By Marc Jones

LONDON (Reuters) – Share markets cruised to a fifth straight day of gains on Friday and bonds headed for their best month since 2008, as a dip in the Fed’s favoured inflation gauge and a record monthly drop in euro zone inflation figures brought some end-of-quarter cheer.

An action-packed Q1 was drawing to a close with world stocks up 6%, government debt returning 4-5%, gold 8% higher, oil 8% lower and the dollar barely moved despite some recent banking scares.

Europe’s shares had been lifted 0.5% when euro zone data showed consumer prices there rising 6.9% after an 8.5% increase in February, representing the sharpest deceleration since Eurostat started collecting data in 1991.

Wall Street opened up almost as much after the February U.S. personal consumption expenditures (PCE) price index slowed to 5.0% from 5.3% with the so-called core number, which excludes volatile food and energy, nudging down to 4.6% from 4.7%.

“The brakes are on the economy, but slowly,” said Hans Peterson, the global head of asset allocation at SEB investment management. “So down the road we will have to see what the central banks do.”

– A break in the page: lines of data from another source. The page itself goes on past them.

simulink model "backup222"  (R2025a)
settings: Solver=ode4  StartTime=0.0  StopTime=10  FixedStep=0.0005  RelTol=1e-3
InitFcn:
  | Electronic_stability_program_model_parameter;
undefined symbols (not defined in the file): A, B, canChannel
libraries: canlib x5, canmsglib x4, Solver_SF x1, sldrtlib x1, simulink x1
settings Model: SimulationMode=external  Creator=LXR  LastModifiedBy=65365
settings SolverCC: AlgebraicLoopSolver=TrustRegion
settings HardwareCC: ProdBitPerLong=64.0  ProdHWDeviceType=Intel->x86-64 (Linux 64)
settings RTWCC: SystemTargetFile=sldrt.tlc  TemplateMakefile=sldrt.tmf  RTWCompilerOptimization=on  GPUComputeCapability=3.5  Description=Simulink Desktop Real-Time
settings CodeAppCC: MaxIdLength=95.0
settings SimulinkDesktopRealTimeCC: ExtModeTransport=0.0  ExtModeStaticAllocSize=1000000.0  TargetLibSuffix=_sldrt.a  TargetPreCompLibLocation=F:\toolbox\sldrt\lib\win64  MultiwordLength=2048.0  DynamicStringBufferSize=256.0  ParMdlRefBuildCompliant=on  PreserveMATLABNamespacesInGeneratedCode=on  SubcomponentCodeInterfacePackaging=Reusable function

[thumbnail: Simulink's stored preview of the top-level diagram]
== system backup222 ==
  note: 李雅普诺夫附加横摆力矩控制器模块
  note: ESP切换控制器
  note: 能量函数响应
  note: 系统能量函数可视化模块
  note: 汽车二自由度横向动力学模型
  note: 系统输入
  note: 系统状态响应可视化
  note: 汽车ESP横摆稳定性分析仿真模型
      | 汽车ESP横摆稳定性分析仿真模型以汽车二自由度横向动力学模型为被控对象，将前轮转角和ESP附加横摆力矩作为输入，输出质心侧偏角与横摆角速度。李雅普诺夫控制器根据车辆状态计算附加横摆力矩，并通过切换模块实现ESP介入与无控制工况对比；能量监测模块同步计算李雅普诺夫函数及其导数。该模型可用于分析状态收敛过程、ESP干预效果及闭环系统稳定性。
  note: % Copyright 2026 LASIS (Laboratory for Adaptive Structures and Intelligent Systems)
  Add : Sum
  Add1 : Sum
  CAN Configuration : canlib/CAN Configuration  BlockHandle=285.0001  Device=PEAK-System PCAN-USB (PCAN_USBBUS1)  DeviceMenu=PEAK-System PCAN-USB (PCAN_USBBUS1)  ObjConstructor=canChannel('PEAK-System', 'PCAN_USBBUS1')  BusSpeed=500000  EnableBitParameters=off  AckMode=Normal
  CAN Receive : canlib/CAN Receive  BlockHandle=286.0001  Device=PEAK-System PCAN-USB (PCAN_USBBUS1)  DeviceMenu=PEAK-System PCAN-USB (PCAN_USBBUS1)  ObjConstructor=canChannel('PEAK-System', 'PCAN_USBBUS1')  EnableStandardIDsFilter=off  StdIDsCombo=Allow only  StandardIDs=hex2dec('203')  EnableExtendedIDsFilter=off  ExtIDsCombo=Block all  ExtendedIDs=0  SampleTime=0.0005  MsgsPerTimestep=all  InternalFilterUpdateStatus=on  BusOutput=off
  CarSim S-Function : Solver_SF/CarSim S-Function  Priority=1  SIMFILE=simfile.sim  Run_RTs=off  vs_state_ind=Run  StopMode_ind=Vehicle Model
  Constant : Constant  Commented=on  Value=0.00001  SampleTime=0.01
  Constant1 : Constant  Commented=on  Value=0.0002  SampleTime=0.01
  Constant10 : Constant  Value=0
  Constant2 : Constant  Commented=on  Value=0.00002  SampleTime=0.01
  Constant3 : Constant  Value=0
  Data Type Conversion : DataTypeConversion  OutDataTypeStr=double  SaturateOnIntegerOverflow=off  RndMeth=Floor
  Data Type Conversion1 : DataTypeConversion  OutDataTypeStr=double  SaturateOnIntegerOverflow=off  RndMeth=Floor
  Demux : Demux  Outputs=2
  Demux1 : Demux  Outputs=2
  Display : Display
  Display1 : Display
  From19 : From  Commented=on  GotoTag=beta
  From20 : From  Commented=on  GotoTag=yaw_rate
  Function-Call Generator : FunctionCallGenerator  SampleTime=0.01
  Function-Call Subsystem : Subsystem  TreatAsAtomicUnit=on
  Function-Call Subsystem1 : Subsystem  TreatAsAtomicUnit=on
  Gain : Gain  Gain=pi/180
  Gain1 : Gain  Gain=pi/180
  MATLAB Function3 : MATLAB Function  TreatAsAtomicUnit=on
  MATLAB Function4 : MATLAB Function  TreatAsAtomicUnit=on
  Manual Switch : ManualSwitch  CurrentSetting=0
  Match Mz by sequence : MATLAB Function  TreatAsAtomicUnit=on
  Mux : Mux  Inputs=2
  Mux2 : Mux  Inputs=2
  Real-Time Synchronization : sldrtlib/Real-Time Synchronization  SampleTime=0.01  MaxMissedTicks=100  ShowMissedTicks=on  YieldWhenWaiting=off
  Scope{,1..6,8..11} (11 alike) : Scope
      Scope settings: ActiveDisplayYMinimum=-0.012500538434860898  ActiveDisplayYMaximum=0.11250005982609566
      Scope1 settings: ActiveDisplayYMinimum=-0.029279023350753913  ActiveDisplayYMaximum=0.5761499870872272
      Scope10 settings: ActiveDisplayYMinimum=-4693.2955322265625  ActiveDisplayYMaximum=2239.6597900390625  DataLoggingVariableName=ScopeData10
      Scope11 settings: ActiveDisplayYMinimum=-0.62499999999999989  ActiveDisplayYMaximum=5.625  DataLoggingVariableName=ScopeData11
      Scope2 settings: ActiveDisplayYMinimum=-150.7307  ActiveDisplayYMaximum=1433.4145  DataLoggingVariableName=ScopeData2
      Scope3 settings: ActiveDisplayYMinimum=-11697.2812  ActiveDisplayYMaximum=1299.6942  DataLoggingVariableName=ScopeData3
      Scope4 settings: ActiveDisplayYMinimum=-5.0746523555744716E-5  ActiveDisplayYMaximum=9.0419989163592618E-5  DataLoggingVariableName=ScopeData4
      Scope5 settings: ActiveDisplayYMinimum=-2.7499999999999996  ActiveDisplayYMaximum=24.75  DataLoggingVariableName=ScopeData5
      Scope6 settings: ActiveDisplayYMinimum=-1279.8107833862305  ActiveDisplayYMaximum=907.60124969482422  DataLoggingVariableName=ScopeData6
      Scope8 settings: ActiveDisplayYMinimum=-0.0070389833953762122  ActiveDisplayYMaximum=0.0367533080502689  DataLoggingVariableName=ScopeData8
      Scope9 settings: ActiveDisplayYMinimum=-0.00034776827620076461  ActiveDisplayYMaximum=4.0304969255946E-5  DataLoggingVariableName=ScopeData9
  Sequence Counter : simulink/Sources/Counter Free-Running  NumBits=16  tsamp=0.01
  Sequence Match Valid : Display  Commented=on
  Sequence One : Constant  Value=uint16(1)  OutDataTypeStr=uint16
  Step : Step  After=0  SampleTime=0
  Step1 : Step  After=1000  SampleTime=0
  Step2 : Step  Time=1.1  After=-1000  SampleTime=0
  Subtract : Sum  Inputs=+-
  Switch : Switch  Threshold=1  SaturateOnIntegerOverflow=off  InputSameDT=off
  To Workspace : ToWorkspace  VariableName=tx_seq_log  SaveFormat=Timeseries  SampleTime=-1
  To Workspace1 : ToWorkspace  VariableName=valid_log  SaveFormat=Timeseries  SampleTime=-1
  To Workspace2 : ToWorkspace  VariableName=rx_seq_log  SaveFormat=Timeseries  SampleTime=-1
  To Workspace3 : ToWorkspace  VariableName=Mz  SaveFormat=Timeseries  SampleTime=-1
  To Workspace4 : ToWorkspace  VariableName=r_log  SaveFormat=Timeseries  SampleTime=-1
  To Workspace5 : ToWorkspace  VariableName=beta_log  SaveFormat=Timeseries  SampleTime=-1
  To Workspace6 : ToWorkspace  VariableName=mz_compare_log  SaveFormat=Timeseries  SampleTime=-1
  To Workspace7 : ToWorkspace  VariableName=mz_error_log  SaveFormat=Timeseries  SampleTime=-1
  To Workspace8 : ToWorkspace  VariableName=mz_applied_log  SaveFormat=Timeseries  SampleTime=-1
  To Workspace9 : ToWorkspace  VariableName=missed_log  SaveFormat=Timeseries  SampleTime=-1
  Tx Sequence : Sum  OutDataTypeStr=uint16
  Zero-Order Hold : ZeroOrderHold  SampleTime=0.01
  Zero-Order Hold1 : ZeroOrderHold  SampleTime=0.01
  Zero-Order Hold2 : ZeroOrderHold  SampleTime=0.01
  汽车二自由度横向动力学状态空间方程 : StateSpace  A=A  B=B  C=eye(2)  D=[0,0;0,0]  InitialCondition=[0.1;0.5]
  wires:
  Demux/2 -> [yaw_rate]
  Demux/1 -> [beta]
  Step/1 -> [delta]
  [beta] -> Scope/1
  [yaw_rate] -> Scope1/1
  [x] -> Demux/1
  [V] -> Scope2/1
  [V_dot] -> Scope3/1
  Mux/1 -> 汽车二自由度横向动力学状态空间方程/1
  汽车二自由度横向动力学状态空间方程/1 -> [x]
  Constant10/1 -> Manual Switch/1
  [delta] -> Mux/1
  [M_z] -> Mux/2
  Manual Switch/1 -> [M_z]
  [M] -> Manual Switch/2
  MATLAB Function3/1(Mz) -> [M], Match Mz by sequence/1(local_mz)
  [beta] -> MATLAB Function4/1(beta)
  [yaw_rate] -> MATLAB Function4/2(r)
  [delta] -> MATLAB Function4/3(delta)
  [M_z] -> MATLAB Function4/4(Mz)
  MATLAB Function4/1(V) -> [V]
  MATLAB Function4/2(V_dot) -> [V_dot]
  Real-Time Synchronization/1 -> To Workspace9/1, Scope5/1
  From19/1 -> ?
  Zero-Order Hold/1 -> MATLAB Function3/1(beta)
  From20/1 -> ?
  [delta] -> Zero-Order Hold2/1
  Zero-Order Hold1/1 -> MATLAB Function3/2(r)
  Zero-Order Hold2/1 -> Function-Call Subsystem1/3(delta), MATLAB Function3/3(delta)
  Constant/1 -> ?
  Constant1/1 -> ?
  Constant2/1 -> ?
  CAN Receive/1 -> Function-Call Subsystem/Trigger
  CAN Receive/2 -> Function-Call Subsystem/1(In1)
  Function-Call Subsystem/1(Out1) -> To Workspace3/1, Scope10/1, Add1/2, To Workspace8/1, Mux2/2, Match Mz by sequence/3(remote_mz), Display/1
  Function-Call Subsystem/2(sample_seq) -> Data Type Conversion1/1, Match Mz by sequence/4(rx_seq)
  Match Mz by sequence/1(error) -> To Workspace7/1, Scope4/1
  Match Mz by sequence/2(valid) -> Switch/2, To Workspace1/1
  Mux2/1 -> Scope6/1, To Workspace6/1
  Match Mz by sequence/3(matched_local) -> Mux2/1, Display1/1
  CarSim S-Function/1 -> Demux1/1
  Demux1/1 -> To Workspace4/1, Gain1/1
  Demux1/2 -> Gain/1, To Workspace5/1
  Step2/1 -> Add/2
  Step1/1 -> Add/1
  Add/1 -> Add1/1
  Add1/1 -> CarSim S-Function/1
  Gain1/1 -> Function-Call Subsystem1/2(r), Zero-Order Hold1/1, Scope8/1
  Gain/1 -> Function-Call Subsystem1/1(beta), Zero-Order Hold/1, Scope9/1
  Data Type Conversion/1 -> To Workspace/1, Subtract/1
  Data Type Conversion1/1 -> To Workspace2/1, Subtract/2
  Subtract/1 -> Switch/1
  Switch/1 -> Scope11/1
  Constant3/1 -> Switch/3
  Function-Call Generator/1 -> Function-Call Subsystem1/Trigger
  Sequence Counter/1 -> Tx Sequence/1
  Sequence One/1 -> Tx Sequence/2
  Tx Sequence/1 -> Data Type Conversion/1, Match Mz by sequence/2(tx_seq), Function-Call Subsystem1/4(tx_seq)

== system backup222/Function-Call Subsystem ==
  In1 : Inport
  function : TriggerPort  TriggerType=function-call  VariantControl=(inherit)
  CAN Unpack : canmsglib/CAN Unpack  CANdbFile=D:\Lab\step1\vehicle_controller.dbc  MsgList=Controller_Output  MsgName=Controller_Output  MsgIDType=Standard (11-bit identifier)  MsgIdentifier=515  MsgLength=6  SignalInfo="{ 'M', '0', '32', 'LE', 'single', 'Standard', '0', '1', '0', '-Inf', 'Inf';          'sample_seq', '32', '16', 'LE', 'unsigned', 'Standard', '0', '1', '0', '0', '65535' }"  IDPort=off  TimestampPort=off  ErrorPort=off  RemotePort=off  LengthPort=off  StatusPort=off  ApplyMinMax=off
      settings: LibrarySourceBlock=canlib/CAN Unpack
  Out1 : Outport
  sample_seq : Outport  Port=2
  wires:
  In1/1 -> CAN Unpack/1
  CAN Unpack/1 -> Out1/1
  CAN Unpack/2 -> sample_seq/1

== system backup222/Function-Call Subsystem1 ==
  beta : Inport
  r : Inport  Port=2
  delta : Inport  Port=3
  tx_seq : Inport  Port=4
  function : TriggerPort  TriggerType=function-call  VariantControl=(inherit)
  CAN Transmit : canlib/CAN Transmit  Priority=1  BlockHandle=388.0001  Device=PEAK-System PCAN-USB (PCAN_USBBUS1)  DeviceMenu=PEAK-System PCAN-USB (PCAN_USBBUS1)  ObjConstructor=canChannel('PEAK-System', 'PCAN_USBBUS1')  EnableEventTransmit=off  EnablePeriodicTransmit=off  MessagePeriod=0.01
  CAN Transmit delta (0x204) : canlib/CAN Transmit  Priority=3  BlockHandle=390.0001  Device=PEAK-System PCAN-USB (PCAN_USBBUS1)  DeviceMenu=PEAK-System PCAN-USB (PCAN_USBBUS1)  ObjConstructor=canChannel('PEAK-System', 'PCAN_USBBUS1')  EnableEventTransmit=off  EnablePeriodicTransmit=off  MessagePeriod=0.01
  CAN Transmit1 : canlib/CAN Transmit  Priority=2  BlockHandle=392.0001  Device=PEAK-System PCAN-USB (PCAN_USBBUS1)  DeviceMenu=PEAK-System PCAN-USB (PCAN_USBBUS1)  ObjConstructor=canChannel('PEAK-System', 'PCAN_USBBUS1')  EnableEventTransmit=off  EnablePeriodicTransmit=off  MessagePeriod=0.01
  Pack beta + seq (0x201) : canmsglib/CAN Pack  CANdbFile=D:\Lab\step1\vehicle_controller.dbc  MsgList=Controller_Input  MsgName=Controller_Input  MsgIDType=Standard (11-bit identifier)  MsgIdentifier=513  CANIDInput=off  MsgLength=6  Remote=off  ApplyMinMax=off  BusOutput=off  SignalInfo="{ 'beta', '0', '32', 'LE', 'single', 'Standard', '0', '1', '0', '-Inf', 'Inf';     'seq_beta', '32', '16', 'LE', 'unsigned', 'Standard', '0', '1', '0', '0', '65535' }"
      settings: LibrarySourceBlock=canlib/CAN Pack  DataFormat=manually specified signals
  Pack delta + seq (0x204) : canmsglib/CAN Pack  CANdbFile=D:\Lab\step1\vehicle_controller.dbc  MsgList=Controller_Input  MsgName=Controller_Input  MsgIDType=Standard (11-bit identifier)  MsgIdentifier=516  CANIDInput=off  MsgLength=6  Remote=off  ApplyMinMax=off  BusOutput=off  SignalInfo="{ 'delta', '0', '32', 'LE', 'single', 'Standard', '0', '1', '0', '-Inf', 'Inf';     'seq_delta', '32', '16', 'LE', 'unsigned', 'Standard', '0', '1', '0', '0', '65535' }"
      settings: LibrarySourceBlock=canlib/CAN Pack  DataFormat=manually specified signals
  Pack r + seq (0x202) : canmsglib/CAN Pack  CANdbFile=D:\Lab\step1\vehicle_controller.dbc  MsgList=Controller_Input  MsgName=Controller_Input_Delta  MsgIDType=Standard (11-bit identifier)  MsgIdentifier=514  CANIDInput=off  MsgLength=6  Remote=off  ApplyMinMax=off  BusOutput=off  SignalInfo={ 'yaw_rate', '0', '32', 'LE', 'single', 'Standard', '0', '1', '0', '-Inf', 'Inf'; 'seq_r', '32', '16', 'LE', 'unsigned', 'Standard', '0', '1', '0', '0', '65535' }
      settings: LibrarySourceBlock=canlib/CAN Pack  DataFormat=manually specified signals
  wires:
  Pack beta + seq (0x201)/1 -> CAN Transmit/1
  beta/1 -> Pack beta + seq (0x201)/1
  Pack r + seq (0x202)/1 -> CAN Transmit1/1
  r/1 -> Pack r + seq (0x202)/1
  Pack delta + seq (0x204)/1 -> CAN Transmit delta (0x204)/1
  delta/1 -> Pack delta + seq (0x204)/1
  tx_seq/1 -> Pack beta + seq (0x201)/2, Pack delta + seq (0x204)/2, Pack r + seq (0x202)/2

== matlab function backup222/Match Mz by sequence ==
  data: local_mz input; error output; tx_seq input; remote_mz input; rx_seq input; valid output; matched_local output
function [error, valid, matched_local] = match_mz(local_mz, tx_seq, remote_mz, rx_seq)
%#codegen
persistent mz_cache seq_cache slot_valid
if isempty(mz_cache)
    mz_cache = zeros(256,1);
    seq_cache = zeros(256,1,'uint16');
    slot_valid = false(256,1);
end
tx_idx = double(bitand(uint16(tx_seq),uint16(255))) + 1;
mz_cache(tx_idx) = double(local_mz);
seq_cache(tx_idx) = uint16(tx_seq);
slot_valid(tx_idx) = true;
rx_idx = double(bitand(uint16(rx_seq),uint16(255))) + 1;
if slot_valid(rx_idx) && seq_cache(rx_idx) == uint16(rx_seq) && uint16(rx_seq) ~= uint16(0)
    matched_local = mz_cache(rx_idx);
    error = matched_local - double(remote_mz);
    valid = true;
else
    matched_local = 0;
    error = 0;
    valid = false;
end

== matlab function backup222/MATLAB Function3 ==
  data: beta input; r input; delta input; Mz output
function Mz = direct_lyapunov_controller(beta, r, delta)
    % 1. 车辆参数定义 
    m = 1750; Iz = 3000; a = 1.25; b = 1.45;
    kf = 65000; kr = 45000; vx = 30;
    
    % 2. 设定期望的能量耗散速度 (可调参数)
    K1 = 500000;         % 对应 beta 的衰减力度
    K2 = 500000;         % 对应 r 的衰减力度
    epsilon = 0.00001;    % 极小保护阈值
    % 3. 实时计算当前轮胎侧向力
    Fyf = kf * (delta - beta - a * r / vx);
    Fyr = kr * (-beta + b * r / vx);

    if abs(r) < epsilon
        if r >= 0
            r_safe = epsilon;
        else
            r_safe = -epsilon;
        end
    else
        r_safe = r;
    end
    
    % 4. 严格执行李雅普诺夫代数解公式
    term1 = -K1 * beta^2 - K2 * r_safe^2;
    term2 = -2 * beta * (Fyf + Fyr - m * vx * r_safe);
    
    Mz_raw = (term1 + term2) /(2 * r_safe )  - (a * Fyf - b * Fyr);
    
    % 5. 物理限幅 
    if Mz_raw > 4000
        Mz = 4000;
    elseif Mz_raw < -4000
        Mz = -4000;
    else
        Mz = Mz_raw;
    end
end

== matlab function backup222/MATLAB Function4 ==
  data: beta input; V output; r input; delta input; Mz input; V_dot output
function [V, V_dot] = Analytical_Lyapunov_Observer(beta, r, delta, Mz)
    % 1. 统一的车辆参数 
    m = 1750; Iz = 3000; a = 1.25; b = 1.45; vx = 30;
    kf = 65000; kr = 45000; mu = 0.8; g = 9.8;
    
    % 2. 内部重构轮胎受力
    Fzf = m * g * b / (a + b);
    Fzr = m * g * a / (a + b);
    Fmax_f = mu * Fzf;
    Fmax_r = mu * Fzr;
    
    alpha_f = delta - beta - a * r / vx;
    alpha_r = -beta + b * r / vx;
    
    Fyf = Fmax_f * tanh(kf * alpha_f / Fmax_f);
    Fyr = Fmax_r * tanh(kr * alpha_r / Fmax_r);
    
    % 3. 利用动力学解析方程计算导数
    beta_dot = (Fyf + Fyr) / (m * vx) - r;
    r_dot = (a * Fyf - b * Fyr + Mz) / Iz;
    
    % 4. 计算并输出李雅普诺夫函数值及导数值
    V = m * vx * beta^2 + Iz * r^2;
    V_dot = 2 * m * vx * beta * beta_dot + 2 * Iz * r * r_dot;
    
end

A 2.5% rise for the week meant MSCI’s 47-country all world index was heading for its best week since January, while Asian equities had also notched up their first March gain in four years.

That part of the world has been lifted by China casting off its COVID restrictions this year. MSCI Asia ex-Japan has added 3.6% so far following its 12% sprint in the final quarter of 2022.

Japan’s Nikkei also jumped 1% on Friday,as inflation data for the capital Tokyo highlighted broadening price pressures, which in contrast to most other parts of the world is seen as a benefit after decades of deflation. [.T]

China and Hong Kong’s Hang Seng rose modestly too after China’s PMI data showed that the recovery in the services sector was gathering pace and manufacturing activity expanded faster than expected.

Investors were still cheered by internet giant Alibaba’s revamp plan which has seen its shares make a whopping 17% this week and been taken as a sign that Beijing’s regulatory crackdown might be over for now.

Fellow Chinese e-commerce firm JD.com Inc jumped 6% on Friday after it announced somewhat similar plans to spin off its property and industrial units. [.SS]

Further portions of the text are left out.